Grundsätzlich kann man sagen, dass bei den oben genannten Verschmutzungen eine Reinigung der Steckerstirnfläche und des Ferrulenmantels Abhilfe schaffen kann. Sollte der Stecker nach der Reinigung nicht sofort gesteckt werden, sollte ein neuer Staubschutzdeckel verwendet werden. Und sollte die Reinigung des Steckers, beziehungsweise der Kupplung und des Gegensteckers bei der Verunreinigung mit Wasser, das Problem nicht lösen, kann eventuell noch ein verschmutztes Mikroskop eine mögliche Ursache darstellen.

Zum Reinigen braucht es nicht viel

Aber wie reinigt man jetzt die Steckerstirnfläche zweckmäßigerweise? Dazu empfiehlt es sich, die folgenden Werkzeuge zu verwenden:

  • fusselfreie Tücher
  • Isopropyl-Alkohol
  • fusselfreie Stäbchen
  • trockenes Reinigungsband

Für die Reinigung hat sich der folgende Ablauf als empfehlenswert herausgestellt:

  • Fusselfreies Tuch mit wenigen Tropfen Isopropyl-Alkohol benetzen.
  • Mit benetzter Stelle den Ferrulenmantel reinigen. Hier sind vor allem die ersten 3 bis 5 mm wichtig, da dieser Teil je nach Steckertyp in die Führungshülse geführt wird.
  • Tuch auf einen Tisch oder eine ebene Fläche legen. Die Unterlage sollte nicht zu hart sein. Hier bietet sich die Verwendung von mehreren Tüchern übereinander an, da dies ein kleines Polster ergibt.
  • Stecker in gerader Richtung über die benetzte Stelle ziehen. Hierbei nur sehr wenig Kraft anwenden. Von der benetzten Stelle bis über den trockenen Teil des Tuches ziehen.
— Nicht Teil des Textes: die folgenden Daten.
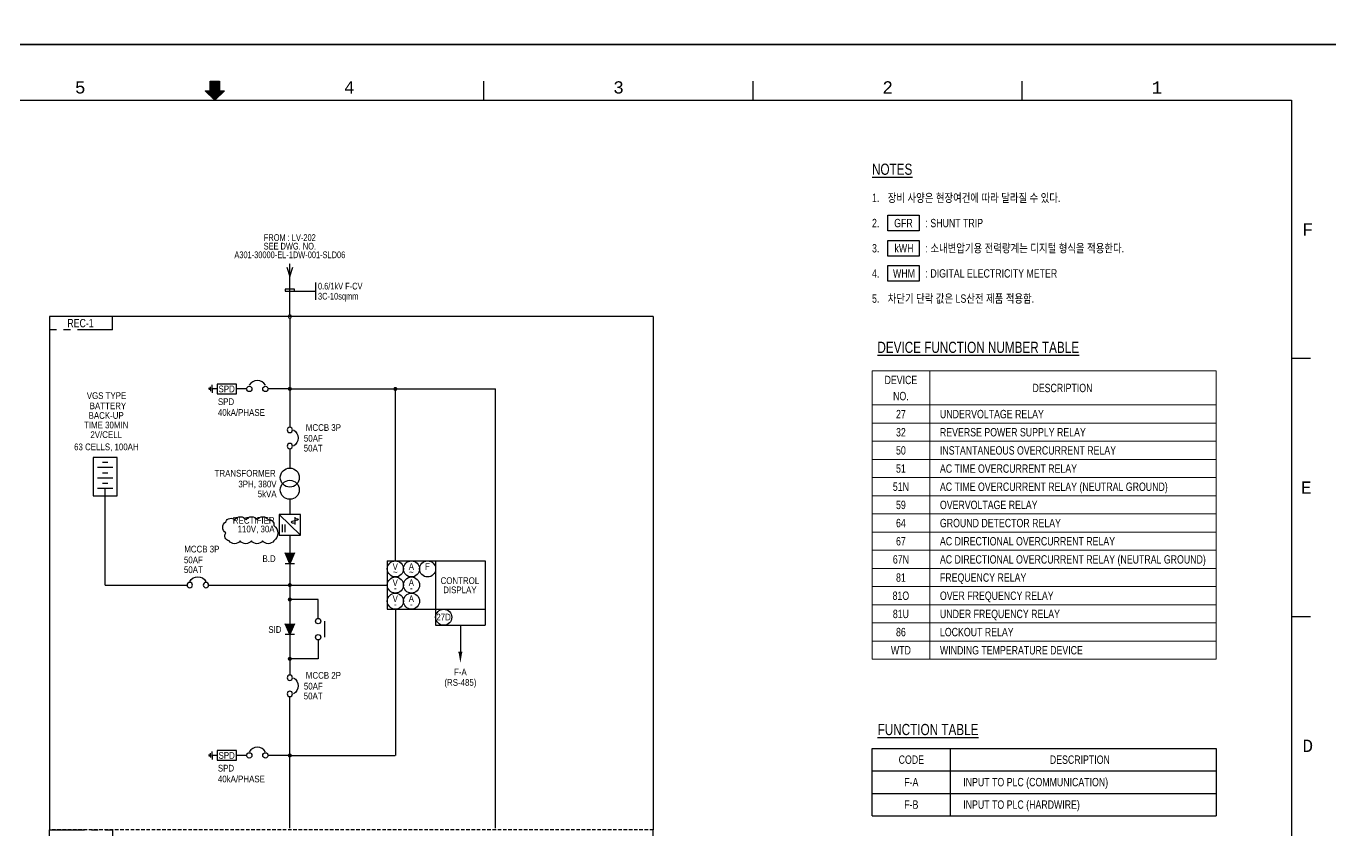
# Model space of a CAD drawing. Header units: feet. Extents: x 1 to 168002, y -59383 to 29717.
# Drawn here: x 60377 to 83689, y -43730 to -29356 of the extents above; entities that cross this region are included whole.
import ezdxf
from ezdxf.enums import TextEntityAlignment as Align
from ezdxf.lldxf.tags import DXFTag

# ---------------------------------------------------------------- set-up
doc = ezdxf.new("R2010")
doc.units = ezdxf.units.FT
doc.header["$LTSCALE"] = 50
doc.header["$MEASUREMENT"] = 0
for name, pattern in [('CONTINU', [0]), ('HIDDEN', [0.375, 0.25, -0.125]), ('HIDDEN2', [0.1875, 0.125, -0.0625]), ('PHANTOM', [2.5, 1.25, -0.25, 0.25, -0.25, 0.25, -0.25])]:
    doc.linetypes.add(name, pattern=pattern)
doc.layers.get('0').update_dxf_attribs({"linetype": 'CONTINUOUS'})
for name, color, linetype in [('BASE', 7, 'CONTINUOUS'), ('E-PNL', 1, 'CEN50'), ('E-Pow', 4, 'CONTINUOUS'), ('E-SYM0', 3, 'CONTINUOUS'), ('E-SYM1', 3, 'CONTINUOUS'), ('E-SYM2', 3, 'CONTINUOUS'), ('E-Text-1', 2, 'CONTINUOUS'), ('E-Text-2', 4, 'CONTINUOUS'), ('E-Text-Call', 7, 'CONTINUOUS'), ('E-Text-Table', 7, 'CONTINUOUS'), ('E-Wire01', 7, 'CONTINUOUS'), ('EQIP', 1, 'CONTINUOUS'), ('REV', 1, 'CONTINUOUS'), ('TEXT', 7, 'CONTINUOUS'), ('WIRE', 3, 'CONTINUOUS')]:
    doc.layers.add(name, color=color, linetype=linetype)
doc.layers.add('Border', color=7, linetype='CONTINUOUS', lineweight=0)
doc.styles.add('TB-1$0$MONOTXT', font='monotxt_.ttf')
doc.styles.add('돋움', font='')
doc.styles.get('돋움').set_extended_font_data('Dotum')
tags = doc.linetypes.add('CEN50', pattern=[56, 50, -2, 2, -2]).pattern_tags.tags
tags[10:11] = [DXFTag(74, 4), DXFTag(75, 0), DXFTag(340, '0'), DXFTag(46, 1.0), DXFTag(50, 0.0), DXFTag(44, 0.0), DXFTag(45, 0.0)]
tags[8:9] = [DXFTag(74, 4), DXFTag(75, 0), DXFTag(340, '0'), DXFTag(46, 1.0), DXFTag(50, 0.0), DXFTag(44, 0.0), DXFTag(45, 0.0)]
tags[6:7] = [DXFTag(74, 4), DXFTag(75, 0), DXFTag(340, '0'), DXFTag(46, 1.0), DXFTag(50, 0.0), DXFTag(44, 0.0), DXFTag(45, 0.0)]
tags[4:5] = [DXFTag(74, 4), DXFTag(75, 0), DXFTag(340, '0'), DXFTag(46, 1.0), DXFTag(50, 0.0), DXFTag(44, 0.0), DXFTag(45, 0.0)]

# ---------------------------------------------------------------- blocks, each defined once
blk = doc.blocks.new('FORMAT')
at = {"layer": 'Border', "color": 0, "linetype": 'Continuous', "lineweight": 25}
for p, q in [((21665, 29041), (21835, 29041)), ((21665, 28870), (21665, 29041)), ((21672, 28778), (21672, 29041)), ((21682, 28768), (21682, 29041)), ((21691, 28759), (21691, 29041)), ((21701, 28749), (21701, 29041)), ((21711, 28739), (21711, 29041)), ((21720, 28729), (21720, 29041)), ((21730, 28720), (21730, 29041)), ((21740, 28710), (21740, 29041)), ((21750, 28700), (21750, 29041)), ((21759, 28710), (21759, 29041)), ((21769, 28719), (21769, 29041)), ((21779, 28729), (21779, 29041)), ((21789, 28739), (21789, 29041)), ((21798, 28748), (21798, 29041)), ((21808, 28758), (21808, 29041)), ((21818, 28768), (21818, 29041)), ((21827, 28778), (21827, 29041)), ((21835, 29041), (21835, 28870)), ((26562, 28700), (26562, 29041)), ((31375, 28700), (31375, 29041)), ((36187, 28700), (36187, 29041)), ((2500, 28700), (41000, 28700)), ((21750, 28700), (21580, 28870)), ((21580, 28870), (21665, 28870)), ((21584, 28865), (21584, 28870)), ((21594, 28856), (21594, 28870)), ((21604, 28846), (21604, 28870)), ((21614, 28836), (21614, 28870)), ((21623, 28827), (21623, 28870)), ((21633, 28817), (21633, 28870)), ((21643, 28807), (21643, 28870)), ((21652, 28797), (21652, 28870)), ((21662, 28788), (21662, 28870)), ((21920, 28870), (21750, 28700)), ((21835, 28870), (21920, 28870)), ((21837, 28787), (21837, 28870)), ((21847, 28797), (21847, 28870)), ((21857, 28807), (21857, 28870)), ((21866, 28817), (21866, 28870)), ((21876, 28826), (21876, 28870)), ((21886, 28836), (21886, 28870)), ((21895, 28846), (21895, 28870)), ((21905, 28855), (21905, 28870)), ((21915, 28865), (21915, 28870)), ((41000, 28700), (41000, 1000)), ((41343, 24083), (41000, 24083)), ((41343, 19467), (41000, 19467))]:
    blk.add_line(p, q, dxfattribs=at)
blk.add_lwpolyline([(0, 0), (0, 29700), (42000, 29700), (42000, 0)], close=True, dxfattribs=at)
at = {"layer": 'Border', "color": 0, "linetype": 'Continuous', "lineweight": 25, "style": 'TB-1$0$MONOTXT'}
for s, p in [('5', (19343, 29041)), ('4', (24155, 29041)), ('3', (28968, 29041)), ('2', (33780, 29041)), ('1', (38594, 29041))]:
    blk.add_text(s, height=219, dxfattribs=at).set_placement(p, align=Align.TOP_CENTER)
for s, p in [('F', (41196, 26392)), ('E', (41167, 21775)), ('D', (41196, 17158))]:
    blk.add_text(s, height=220, dxfattribs=at).set_placement(p, align=Align.MIDDLE_LEFT)
blk = doc.blocks.new('TITLE')
at = {"xscale": 0.01, "yscale": 0.01, "zscale": 0.01}
blk.add_blockref('FORMAT', (0, 0), dxfattribs=at)
blk = doc.blocks.new('117')
at = {"layer": 'E-SYM2'}
for centre in [(0, 6), (0, 0)]:
    blk.add_circle(centre, 1, dxfattribs=at)
blk.add_arc((-0.36, 3), 3.46, 299.9147, 60.0853, dxfattribs=at)
blk = doc.blocks.new('A$C36F4008E')
at = {"layer": 'E-SYM1', "ltscale": 0.5}
for p, q in [((3.25, 0), (-3.25, 0)), ((3.25, -4.4), (-3.25, -4.4)), ((-1.1, -2.2), (1.1, -2.2)), ((3.25, -8.8), (-3.25, -8.8)), ((-1.1, -6.6), (1.1, -6.6)), ((-1.1, -11), (1.1, -11))]:
    blk.add_line(p, q, dxfattribs=at)
blk.add_lwpolyline([(5, -13), (-5, -13), (-5, 3), (5, 3)], close=True, dxfattribs=at)

msp = doc.modelspace()

# ---------------------------------------------------------------- linework, layer by layer
at = {"color": 0, "linetype": 'Continuous', "ltscale": 5}
for p, q in [((63651.3, -35843.7, 0.1), (63651.3, -35827.2, 0.1)), ((63651.3, -35843.7, 0.1), (63651.3, -35860.1, 0.1)), ((63676.5, -35843.7, 0.1), (63676.5, -35804, 0.1)), ((63676.5, -35843.7, 0.1), (63676.5, -35883.3, 0.1)), ((63702.9, -35843.7, 0.1), (63702.9, -35772.3, 0.1)), ((63790.5, -35843.7, 0.1), (63702.9, -35843.7, 0.1)), ((63702.9, -35843.7, 0.1), (63702.9, -35915, 0.1)), ((63651.3, -42397.4, 0.1), (63651.3, -42380.9, 0.1)), ((63651.3, -42397.4, 0.1), (63651.3, -42413.8, 0.1)), ((63676.5, -42397.4, 0.1), (63676.5, -42357.7, 0.1)), ((63676.5, -42397.4, 0.1), (63676.5, -42437, 0.1)), ((63702.9, -42397.4, 0.1), (63702.9, -42326, 0.1)), ((63790.5, -42397.4, 0.1), (63702.9, -42397.4, 0.1)), ((63702.9, -42397.4, 0.1), (63702.9, -42468.7, 0.1))]:
    msp.add_line(p, q, dxfattribs=at)
at = {"layer": 'BASE', "color": 1, "linetype": 'PHANTOM', "ltscale": 10}
for q in [(61921, -34550.2, 0.1), (60793.5, -34784.4, 0.1)]:
    msp.add_line((61921, -34784.4, 0.1), q, dxfattribs=at)
at = {"layer": 'BASE', "color": 1, "linetype": 'HIDDEN2', "ltscale": 10}
msp.add_line((71591.3, -43729.7, 0.1), (60793.5, -43729.7, 0.1), dxfattribs=at)
at = {"layer": 'BASE', "color": 1, "linetype": 'PHANTOM', "ltscale": 10, "elevation": 0.1}
msp.add_lwpolyline([(61921, -43963.9), (60793.5, -43963.9), (60793.5, -43729.7), (61921, -43729.7)], close=True, dxfattribs=at)
at = {"layer": 'E-PNL', "ltscale": 0.1}
for p, q in [((71591.3, -34550.2, 0.1), (60793.5, -34550.2, 0.1)), ((60793.5, -34550.2, 0.1), (60793.5, -43729.7, 0.1)), ((71591.3, -34550.2, 0.1), (71591.3, -43729.7, 0.1)), ((71591.3, -49582.5, 0.1), (71591.3, -43729.7, 0.1))]:
    msp.add_line(p, q, dxfattribs=at)
at = {"layer": 'E-Pow', "linetype": 'HIDDEN', "ltscale": 0.5}
msp.add_line((65092.1, -34521.4, 0.1), (65092.1, -33598.4, 0.1), dxfattribs=at)
at = {"layer": 'E-Pow'}
msp.add_line((61791.4, -39350.9, 0.1), (61791.4, -37625.4, 0.1), dxfattribs=at)
at = {"layer": 'E-Pow', "elevation": 0.1}
msp.add_lwpolyline([(65038.5, -33664.8), (65092.1, -33836.2), (65145.6, -33664.8)], dxfattribs=at)
at = {"layer": 'E-SYM0', "elevation": 0.1}
for points in [[(75782.7, -32737.7), (76345.2, -32737.7), (76345.2, -33018.9), (75782.7, -33018.9)], [(75782.7, -33187.7), (76345.2, -33187.7), (76345.2, -33468.9), (75782.7, -33468.9)], [(75782.7, -33637.7), (76345.2, -33637.7), (76345.2, -33918.9), (75782.7, -33918.9)]]:
    msp.add_lwpolyline(points, close=True, dxfattribs=at)
at = {"layer": 'E-SYM2'}
for p, q in [((65280.8, -38458.4, 0.1), (64903.3, -38090.4, 0.1)), ((65181.3, -38135, 0.1), (65181.3, -38268.8, 0.1)), ((64958.2, -38268.8, 0.1), (64958.2, -38402.7, 0.1)), ((65002.8, -38268.8, 0.1), (65002.8, -38402.7, 0.1)), ((65092.1, -38969.7, 0.1), (65008.4, -38774.6, 0.1)), ((65175.7, -38774.6, 0.1), (65092.1, -38969.7, 0.1)), ((66835.5, -38918.9, 0.1), (66835.5, -39782.9, 0.1)), ((66835.5, -38918.9, 0.1), (68583.8, -38918.9, 0.1)), ((67699.5, -38918.9, 0.1), (67699.5, -40070.9, 0.1)), ((68583.8, -38918.9, 0.1), (68583.8, -40070.9, 0.1)), ((65175.7, -38969.7, 0.1), (65008.4, -38969.7, 0.1)), ((66835.5, -39782.9, 0.1), (68583.8, -39782.9, 0.1)), ((65092.1, -40237.2, 0.1), (65008.4, -40042.1, 0.1)), ((65175.7, -40042.1, 0.1), (65092.1, -40237.2, 0.1)), ((65711.7, -39995.6, 0.1), (65711.7, -40283.6, 0.1)), ((67699.5, -40070.9, 0.1), (68583.8, -40070.9, 0.1)), ((65175.7, -40237.2, 0.1), (65008.4, -40237.2, 0.1))]:
    msp.add_line(p, q, dxfattribs=at)
at = {"layer": 'E-SYM2', "elevation": 0.1}
for points in [[(64135.9, -35930.1), (64135.9, -35757.3), (63790.3, -35757.3), (63790.3, -35930.1)], [(65281.6, -38458.4), (65281.6, -38090.4), (64902.5, -38090.4), (64902.5, -38458.4)], [(64135.9, -42483.8), (64135.9, -42311), (63790.3, -42311), (63790.3, -42483.8)]]:
    msp.add_lwpolyline(points, close=True, dxfattribs=at)
at = {"layer": 'E-SYM2'}
for centre, radius in [((65092.1, -37429.6, 0.1), 169.7), ((65092.1, -37647.8, 0.1), 169.7), ((66979.5, -39062.9, 0.1), 144), ((67267.5, -39062.9, 0.1), 144), ((67555.5, -39062.9, 0.1), 144), ((66979.5, -39350.9, 0.1), 144), ((67267.5, -39350.9, 0.1), 144), ((66979.5, -39638.9, 0.1), 144), ((67267.5, -39638.9, 0.1), 144), ((67843.5, -39926.9, 0.1), 144), ((65599, -39995.6, 0.1), 48), ((65599, -40283.6, 0.1), 48)]:
    msp.add_circle(centre, radius, dxfattribs=at)
msp.add_open_spline([(65181.3, -38156.7, 0.1), (65215.1, -38164.4, 0.1), (65314.8, -38186.9, 0.1), (65047.8, -38216.8, 0.1), (65147.8, -38239.2, 0.1), (65181.3, -38246.7, 0.1)], degree=3, knots=[15.7286445, 15.7286445, 15.7286445, 15.7286445, 18.973666, 25.2982213, 28.4768835, 28.4768835, 28.4768835, 28.4768835], dxfattribs=at)
for points in [[(65092.1, -38969.7, 0.1), (65008.4, -38774.6, 0.1), (65175.7, -38774.6, 0.1), (65008.4, -38774.6, 0.1)], [(65092.1, -40237.2, 0.1), (65008.4, -40042.1, 0.1), (65175.7, -40042.1, 0.1), (65008.4, -40042.1, 0.1)]]:
    msp.add_solid(points, dxfattribs=at)
at = {"layer": 'E-Text-Call', "ltscale": 0.5}
msp.add_line((65551.1, -33938.4, 0.1), (65551.1, -34253.4, 0.1), dxfattribs=at)
at = {"layer": 'E-Text-Call'}
for p, q in [((76907.7, -43477.5, 0.1), (76907.7, -42272.1, 0.1)), ((75501.4, -42673.9, 0.1), (81653.1, -42673.9, 0.1)), ((75501.4, -43075.7, 0.1), (81653.1, -43075.7, 0.1)), ((75501.4, -43477.5, 0.1), (81653.1, -43477.5, 0.1))]:
    msp.add_line(p, q, dxfattribs=at)
at = {"layer": 'E-Text-Call', "ltscale": 0.5, "elevation": 0.1}
msp.add_lwpolyline([(65173.1, -34095.9), (65173.1, -34059.9), (65011.1, -34059.9), (65011.1, -34095.9), (65551.1, -34095.9)], dxfattribs=at)
at = {"layer": 'E-Text-Call', "elevation": 0.1}
msp.add_lwpolyline([(75501.4, -43477.5), (75501.4, -42272.1), (81653.1, -42272.1), (81653.1, -43477.5)], dxfattribs=at)
at = {"layer": 'E-Text-Table', "linetype": 'Continuous', "lineweight": 13}
for p, q in [((75501.4, -35522.1, 0.1), (81653.1, -35522.1, 0.1)), ((75501.4, -35522.1, 0.1), (75501.4, -40678.8, 0.1)), ((76534.9, -35522.1, 0.1), (76534.9, -40678.8, 0.1)), ((81653.1, -35522.1, 0.1), (81653.1, -40678.8, 0.1)), ((75501.4, -36131.1, 0.1), (81653.1, -36131.1, 0.1)), ((75501.4, -36456, 0.1), (81653.1, -36456, 0.1)), ((75501.4, -36780.8, 0.1), (81653.1, -36780.8, 0.1)), ((75501.4, -37105.6, 0.1), (81653.1, -37105.6, 0.1)), ((75501.4, -37430.5, 0.1), (81653.1, -37430.5, 0.1)), ((75501.4, -37755.3, 0.1), (81653.1, -37755.3, 0.1)), ((75501.4, -38080.2, 0.1), (81653.1, -38080.2, 0.1)), ((75501.4, -38405, 0.1), (81653.1, -38405, 0.1)), ((75501.4, -38729.8, 0.1), (81653.1, -38729.8, 0.1)), ((75501.4, -39054.7, 0.1), (81653.1, -39054.7, 0.1)), ((75501.4, -39379.5, 0.1), (81653.1, -39379.5, 0.1)), ((75501.4, -39704.4, 0.1), (81653.1, -39704.4, 0.1)), ((75501.4, -40029.2, 0.1), (81653.1, -40029.2, 0.1)), ((75501.4, -40354, 0.1), (81653.1, -40354, 0.1)), ((75501.4, -40678.8, 0.1), (81653.1, -40678.8, 0.1))]:
    msp.add_line(p, q, dxfattribs=at)
at = {"layer": 'E-Wire01', "linetype": 'HIDDEN', "ltscale": 0.6}
for p, q in [((65092.1, -35843.7, 0.1), (68770.5, -35843.7, 0.1)), ((66979.5, -38918.9, 0.1), (66979.5, -35843.7, 0.1)), ((68770.5, -43700.9, 0.1), (68770.5, -35843.7, 0.1)), ((65092.1, -39350.9, 0.1), (66835.5, -39350.9, 0.1)), ((66979.5, -39782.9, 0.1), (66979.5, -42397.4, 0.1)), ((68141.7, -40070.9, 0.1), (68141.7, -40552.1, 0.1)), ((68109.7, -40552.1, 0.1), (68173.7, -40552.1, 0.1)), ((65092.1, -42397.4, 0.1), (66979.5, -42397.4, 0.1))]:
    msp.add_line(p, q, dxfattribs=at)
msp.add_solid([(68141.7, -40744.1, 0.1), (68109.7, -40552.1, 0.1), (68173.7, -40552.1, 0.1)], dxfattribs=at)
at = {"layer": 'EQIP', "const_width": 36, "elevation": 0.1}
for points in [[(65074.1, -35843.7, 1), (65110.1, -35843.7, 1)], [(66961.5, -35843.7, 1), (66997.5, -35843.7, 1)], [(65074.1, -39350.9, 1), (65110.1, -39350.9, 1)], [(65074.1, -39608.7, 1), (65110.1, -39608.7, 1)], [(65074.1, -40670.6, 1), (65110.1, -40670.6, 1)], [(65074.1, -42397.4, 1), (65110.1, -42397.4, 1)]]:
    msp.add_lwpolyline(points, format="xyb", close=True, dxfattribs=at)
at = {"layer": 'REV', "ltscale": 100, "elevation": -0.2}
msp.add_lwpolyline([(64805.3, -38559.5, -0.5205671), (64605.3, -38559.5, -0.5205671), (64405.3, -38559.5, -0.5205671), (64205.3, -38559.5, -0.5205671), (64005.3, -38559.5, -0.5205671), (63945.7, -38419, -0.5205671), (63945.7, -38219, -0.5205671), (64109.2, -38182.5, -0.5205671), (64309.2, -38182.5, -0.5205671), (64509.2, -38182.5, -0.5205671), (64709.2, -38182.5, -0.5205671), (64805.3, -38286.4, -0.5205671)], format="xyb", close=True, dxfattribs=at)
at = {"layer": 'TEXT', "color": 7, "linetype": 'Continuous'}
for p, q in [((64320, -35843.7, 0.1), (64135.9, -35843.7, 0.1)), ((65092.1, -35843.7, 0.1), (64704, -35843.7, 0.1)), ((64320, -42397.4, 0.1), (64135.9, -42397.4, 0.1)), ((65092.1, -42397.4, 0.1), (64704, -42397.4, 0.1))]:
    msp.add_line(p, q, dxfattribs=at)
at = {"layer": 'WIRE', "color": 4, "linetype": 'Continuous'}
for p, q in [((65092.1, -34579, 0.1), (65092.1, -36529.4, 0.1)), ((65092.1, -37817.5, 0.1), (65092.1, -38090.4, 0.1)), ((65092.1, -38458.4, 0.1), (65092.1, -40960.8, 0.1)), ((61791.4, -39350.9, 0.1), (63256, -39350.9, 0.1)), ((63640, -39350.9, 0.1), (65092.1, -39350.9, 0.1)), ((65599, -39608.7, 0.1), (65092.1, -39608.7, 0.1)), ((65599, -39947.6, 0.1), (65599, -39608.7, 0.1)), ((65599, -40331.6, 0.1), (65599, -40670.6, 0.1)), ((65599, -40670.6, 0.1), (65092.1, -40670.6, 0.1)), ((65092.1, -43700.9, 0.1), (65092.1, -41344.8, 0.1))]:
    msp.add_line(p, q, dxfattribs=at)
at = {"layer": 'WIRE', "color": 4}
msp.add_line((65092.1, -36913.4, 0.1), (65092.1, -37259.9, 0.1), dxfattribs=at)
at = {"layer": 'WIRE', "color": 4, "linetype": 'Continuous'}
for start, end in [(0, 180), (180, 0)]:
    msp.add_arc((65092.1, -34550.2, 0.1), 28.8, start, end, dxfattribs=at)

# ---------------------------------------------------------------- block references
at = {"color": 7, "linetype": 'CONTINU', "ltscale": 100, "xscale": 100, "yscale": 100, "zscale": 100}
for p in [(42001.4, -29683.3, 0.1), (42001.4, -59383.3, 0.1)]:
    msp.add_blockref('TITLE', p, dxfattribs=at)
at = {"color": 7, "yscale": 48, "zscale": 48}
for p, xscale, rotation in [((64656, -35843.7, 0.1), 48, 90), ((65092.1, -36577.4, 0.1), -48, 180), ((63304, -39350.9, 0.1), -48, 270), ((65092.1, -41008.8, 0.1), -48, 180), ((64656, -42397.4, 0.1), 48, 90)]:
    msp.add_blockref('117', p, dxfattribs=dict(at, xscale=xscale, rotation=rotation))
at = {"layer": 'E-SYM1', "ltscale": 0.5, "xscale": -42.85714285714285, "yscale": 42.85714285714285, "zscale": 42.85714285714285, "rotation": 180}
msp.add_blockref('A$C36F4008E', (61791.4, -37625.4, 0.1), dxfattribs=at)

# ---------------------------------------------------------------- texts
at = {"layer": 'E-SYM0', "color": 2, "style": '돋움', "width": 0.8}
msp.add_text('GFR', height=150, dxfattribs=at).set_placement((76064, -32878.3, 0.1), align=Align.MIDDLE_CENTER)
at = {"layer": 'E-SYM2', "color": 2, "style": '돋움', "width": 0.8}
for s, p in [('kWH', (76073.3, -33328.3, 0.1)), ('WHM', (76073.3, -33778.3, 0.1))]:
    msp.add_text(s, height=150, dxfattribs=at).set_placement(p, align=Align.MIDDLE_CENTER)
at = {"layer": 'E-Text-1', "style": '돋움'}
for s, height, width, p in [('1.', 150, 0.8, (75501.5, -32428.3, 0.1)), ('장비 사양은 현장여건에 따라 달라질 수 있다.', 150, 0.8, (75782.7, -32428.3, 0.1)), ('2.', 150, 0.8, (75501.5, -32878.3, 0.1)), (': SHUNT TRIP', 150, 0.8, (76457.7, -32878.3, 0.1)), ('3.', 150, 0.8, (75501.5, -33328.3, 0.1)), (': 소내변압기용 전력량계는 디지털 형식을 적용한다.', 150, 0.8, (76457.7, -33328.3, 0.1)), ('4.', 150, 0.8, (75501.5, -33778.3, 0.1)), (': DIGITAL ELECTRICITY METER', 150, 0.8, (76457.7, -33778.3, 0.1)), ('0.6/1kV F-CV', 120, 0.8, (65596.1, -34005.9, 0.1)), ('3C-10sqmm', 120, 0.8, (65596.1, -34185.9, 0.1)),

Der Alkohol löst Schmutz und Ölrückstände und wird beim Ziehen über den trockenen Teil des Tuches gleich wieder entfernt

Auf dem Markt gibt es diverse Reinigungsgeräte. Bei den meisten bewegt sich nicht der Stecker über das Tuch, sondern das Tuch unter dem Stecker hindurch. Im Prinzip entspricht der Vorgang aber dem oben beschriebenen.